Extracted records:
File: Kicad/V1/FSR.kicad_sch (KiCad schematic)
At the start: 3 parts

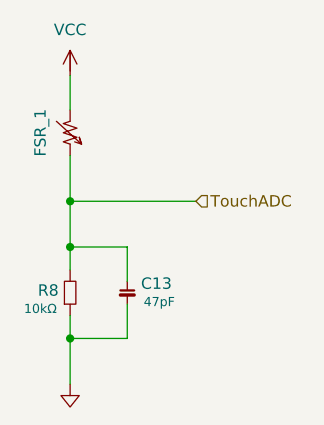
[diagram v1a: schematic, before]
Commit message: ERC almost done, footprint to assign
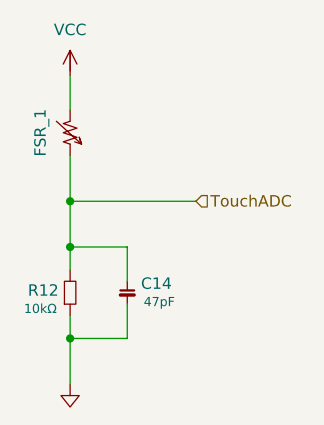
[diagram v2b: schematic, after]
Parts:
- renumbered C13 to C14, R8 to R12
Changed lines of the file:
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@@
 		(in_pos_files yes)
 		(dnp no)
-		(property "Reference" "C13"
+		(property "Reference" "C14"
 			(at 32.004 47.244 0)
 			(show_name no)
@@
 			(project "G-Love"
 				(path "/808bc5ea-49ac-4454-ba77-8b20d01ce159/7de4e8e6-4751-4acb-b71f-e492a47c8332/15052d3f-5b94-4226-97e2-3e9ab10fafda"
-					(reference "C13")
+					(reference "C14")
 					(unit 1)
 				)
 				(path "/808bc5ea-49ac-4454-ba77-8b20d01ce159/7de4e8e6-4751-4acb-b71f-e492a47c8332/32c3dc22-6eac-49d0-b512-767615f82205"
-					(reference "C14")
+					(reference "C27")
 					(unit 1)
 				)
 				(path "/808bc5ea-49ac-4454-ba77-8b20d01ce159/7de4e8e6-4751-4acb-b71f-e492a47c8332/3f48e459-1dc8-4eb9-8adc-befbe01eab22"
+					(reference "C15")
+					(unit 1)
+				)
+				(path "/808bc5ea-49ac-4454-ba77-8b20d01ce159/7de4e8e6-4751-4acb-b71f-e492a47c8332/5442b494-eff8-4ddd-bc03-bcc1bea75842"
 					(reference "C16")
-					(unit 1)
-				)
-				(path "/808bc5ea-49ac-4454-ba77-8b20d01ce159/7de4e8e6-4751-4acb-b71f-e492a47c8332/5442b494-eff8-4ddd-bc03-bcc1bea75842"
-					(reference "C15")
 					(unit 1)
 				)
@@
 		(in_pos_files yes)
 		(dnp no)
-		(property "Reference" "R8"
+		(property "Reference" "R12"
 			(at 22.86 48.006 90)
 			(show_name no)
@@
 			(project "G-Love"
 				(path "/808bc5ea-49ac-4454-ba77-8b20d01ce159/7de4e8e6-4751-4acb-b71f-e492a47c8332/15052d3f-5b94-4226-97e2-3e9ab10fafda"
-					(reference "R8")
+					(reference "R12")
 					(unit 1)
 				)
 				(path "/808bc5ea-49ac-4454-ba77-8b20d01ce159/7de4e8e6-4751-4acb-b71f-e492a47c8332/32c3dc22-6eac-49d0-b512-767615f82205"
-					(reference "R9")
+					(reference "R19")
 					(unit 1)
 				)
 				(path "/808bc5ea-49ac-4454-ba77-8b20d01ce159/7de4e8e6-4751-4acb-b71f-e492a47c8332/3f48e459-1dc8-4eb9-8adc-befbe01eab22"
-					(reference "R11")
+					(reference "R13")
 					(unit 1)
 				)
 				(path "/808bc5ea-49ac-4454-ba77-8b20d01ce159/7de4e8e6-4751-4acb-b71f-e492a47c8332/5442b494-eff8-4ddd-bc03-bcc1bea75842"
-					(reference "R10")
+					(reference "R14")
 					(unit 1)
 				)
 				(path "/808bc5ea-49ac-4454-ba77-8b20d01ce159/7de4e8e6-4751-4acb-b71f-e492a47c8332/f906f610-f118-4325-955e-6566f843376d"
-					(reference "R12")
+					(reference "R15")
 					(unit 1)
 				)
@@
 		(dnp no)
 		(fields_autoplaced yes)
-		(property "Reference" "#PWR09"
+		(property "Reference" "#PWR016"
 			(at 27.94 24.638 0)
 			(hide yes)
@@
 			(project "G-Love"
 				(path "/808bc5ea-49ac-4454-ba77-8b20d01ce159/7de4e8e6-4751-4acb-b71f-e492a47c8332/15052d3f-5b94-4226-97e2-3e9ab10fafda"
-					(reference "#PWR09")
+					(reference "#PWR016")
 					(unit 1)
 				)
 				(path "/808bc5ea-49ac-4454-ba77-8b20d01ce159/7de4e8e6-4751-4acb-b71f-e492a47c8332/32c3dc22-6eac-49d0-b512-767615f82205"
-					(reference "#PWR010")
+					(reference "#PWR027")
 					(unit 1)
 				)
 				(path "/808bc5ea-49ac-4454-ba77-8b20d01ce159/7de4e8e6-4751-4acb-b71f-e492a47c8332/3f48e459-1dc8-4eb9-8adc-befbe01eab22"
-					(reference "#PWR012")
+					(reference "#PWR017")
 					(unit 1)
 				)
 				(path "/808bc5ea-49ac-4454-ba77-8b20d01ce159/7de4e8e6-4751-4acb-b71f-e492a47c8332/5442b494-eff8-4ddd-bc03-bcc1bea75842"
-					(reference "#PWR011")
+					(reference "#PWR018")
 					(unit 1)
 				)
 				(path "/808bc5ea-49ac-4454-ba77-8b20d01ce159/7de4e8e6-4751-4acb-b71f-e492a47c8332/f906f610-f118-4325-955e-6566f843376d"
-					(reference "#PWR013")
+					(reference "#PWR019")
 					(unit 1)
 				)
@@
 				)
 				(path "/808bc5ea-49ac-4454-ba77-8b20d01ce159/7de4e8e6-4751-4acb-b71f-e492a47c8332/32c3dc22-6eac-49d0-b512-767615f82205"
+					(reference "FSR_5")
+					(unit 1)
+				)
+				(path "/808bc5ea-49ac-4454-ba77-8b20d01ce159/7de4e8e6-4751-4acb-b71f-e492a47c8332/3f48e459-1dc8-4eb9-8adc-befbe01eab22"
 					(reference "FSR_2")
-					(unit 1)
-				)
-				(path "/808bc5ea-49ac-4454-ba77-8b20d01ce159/7de4e8e6-4751-4acb-b71f-e492a47c8332/3f48e459-1dc8-4eb9-8adc-befbe01eab22"
-					(reference "FSR_4")
 					(unit 1)
 				)
@@
 				)
 				(path "/808bc5ea-49ac-4454-ba77-8b20d01ce159/7de4e8e6-4751-4acb-b71f-e492a47c8332/f906f610-f118-4325-955e-6566f843376d"
-					(reference "FSR_5")
+					(reference "FSR_4")
 					(unit 1)
 				)
@@
 		(dnp no)
 		(fields_autoplaced yes)
-		(property "Reference" "GND011"
+		(property "Reference" "GND017"
 			(at 24.13 61.976 0)
 			(hide yes)
@@
 			(project "G-Love"
 				(path "/808bc5ea-49ac-4454-ba77-8b20d01ce159/7de4e8e6-4751-4acb-b71f-e492a47c8332/15052d3f-5b94-4226-97e2-3e9ab10fafda"
-					(reference "GND011")
+					(reference "GND017")
 					(unit 1)
 				)
 				(path "/808bc5ea-49ac-4454-ba77-8b20d01ce159/7de4e8e6-4751-4acb-b71f-e492a47c8332/32c3dc22-6eac-49d0-b512-767615f82205"
-					(reference "GND012")
+					(reference "GND030")
 					(unit 1)
 				)
 				(path "/808bc5ea-49ac-4454-ba77-8b20d01ce159/7de4e8e6-4751-4acb-b71f-e492a47c8332/3f48e459-1dc8-4eb9-8adc-befbe01eab22"
-					(reference "GND014")
+					(reference "GND018")
 					(unit 1)
 				)
 				(path "/808bc5ea-49ac-4454-ba77-8b20d01ce159/7de4e8e6-4751-4acb-b71f-e492a47c8332/5442b494-eff8-4ddd-bc03-bcc1bea75842"
-					(reference "GND013")
+					(reference "GND019")
 					(unit 1)
 				)
 				(path "/808bc5ea-49ac-4454-ba77-8b20d01ce159/7de4e8e6-4751-4acb-b71f-e492a47c8332/f906f610-f118-4325-955e-6566f843376d"
-					(reference "GND015")
-					(unit 1)
-				)
+					(reference "GND020")
+					(unit 1)
+				)

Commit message: ERC Check
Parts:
- FSR_1: footprint MyGlove:PinHeader_1x02_Pas2.54mm_ -> MyGlove:PinHeader_1x02_P2.54mm_Vertical
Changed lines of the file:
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@@
 			)
 		)
-		(property "Footprint" "MyGlove:PinHeader_1x02_Pas2.54mm_"
+		(property "Footprint" "MyGlove:PinHeader_1x02_P2.54mm_Vertical"
 			(at 24.13 30.48 0)
 			(hide yes)

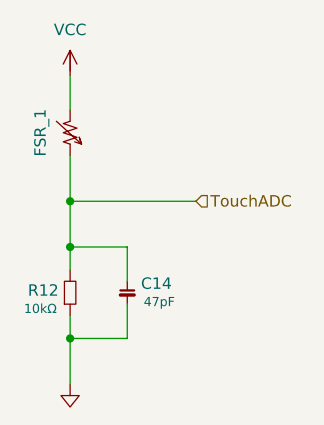
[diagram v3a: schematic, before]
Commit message: correction 328p et ajout d'un capa
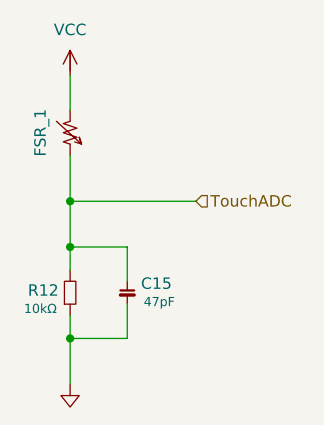
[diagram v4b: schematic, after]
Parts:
- renumbered C14 to C15
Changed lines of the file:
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@@
 		(in_pos_files yes)
 		(dnp no)
-		(property "Reference" "C14"
+		(property "Reference" "C15"
 			(at 32.004 47.244 0)
 			(show_name no)
@@
 			(project "G-Love"
 				(path "/808bc5ea-49ac-4454-ba77-8b20d01ce159/7de4e8e6-4751-4acb-b71f-e492a47c8332/15052d3f-5b94-4226-97e2-3e9ab10fafda"
-					(reference "C14")
+					(reference "C15")
 					(unit 1)
 				)
 				(path "/808bc5ea-49ac-4454-ba77-8b20d01ce159/7de4e8e6-4751-4acb-b71f-e492a47c8332/32c3dc22-6eac-49d0-b512-767615f82205"
-					(reference "C27")
+					(reference "C28")
 					(unit 1)
 				)
 				(path "/808bc5ea-49ac-4454-ba77-8b20d01ce159/7de4e8e6-4751-4acb-b71f-e492a47c8332/3f48e459-1dc8-4eb9-8adc-befbe01eab22"
-					(reference "C15")
+					(reference "C16")
 					(unit 1)
 				)
 				(path "/808bc5ea-49ac-4454-ba77-8b20d01ce159/7de4e8e6-4751-4acb-b71f-e492a47c8332/5442b494-eff8-4ddd-bc03-bcc1bea75842"
-					(reference "C16")
+					(reference "C17")
 					(unit 1)
 				)
 				(path "/808bc5ea-49ac-4454-ba77-8b20d01ce159/7de4e8e6-4751-4acb-b71f-e492a47c8332/f906f610-f118-4325-955e-6566f843376d"
-					(reference "C17")
+					(reference "C18")
 					(unit 1)
 				)

» **Description of the task**: Copy all lines from the data above that contain the word "message".

» **Finished exercise**:
Commit message: ERC almost done, footprint to assign
Commit message: ERC Check
Commit message: correction 328p et ajout d'un capa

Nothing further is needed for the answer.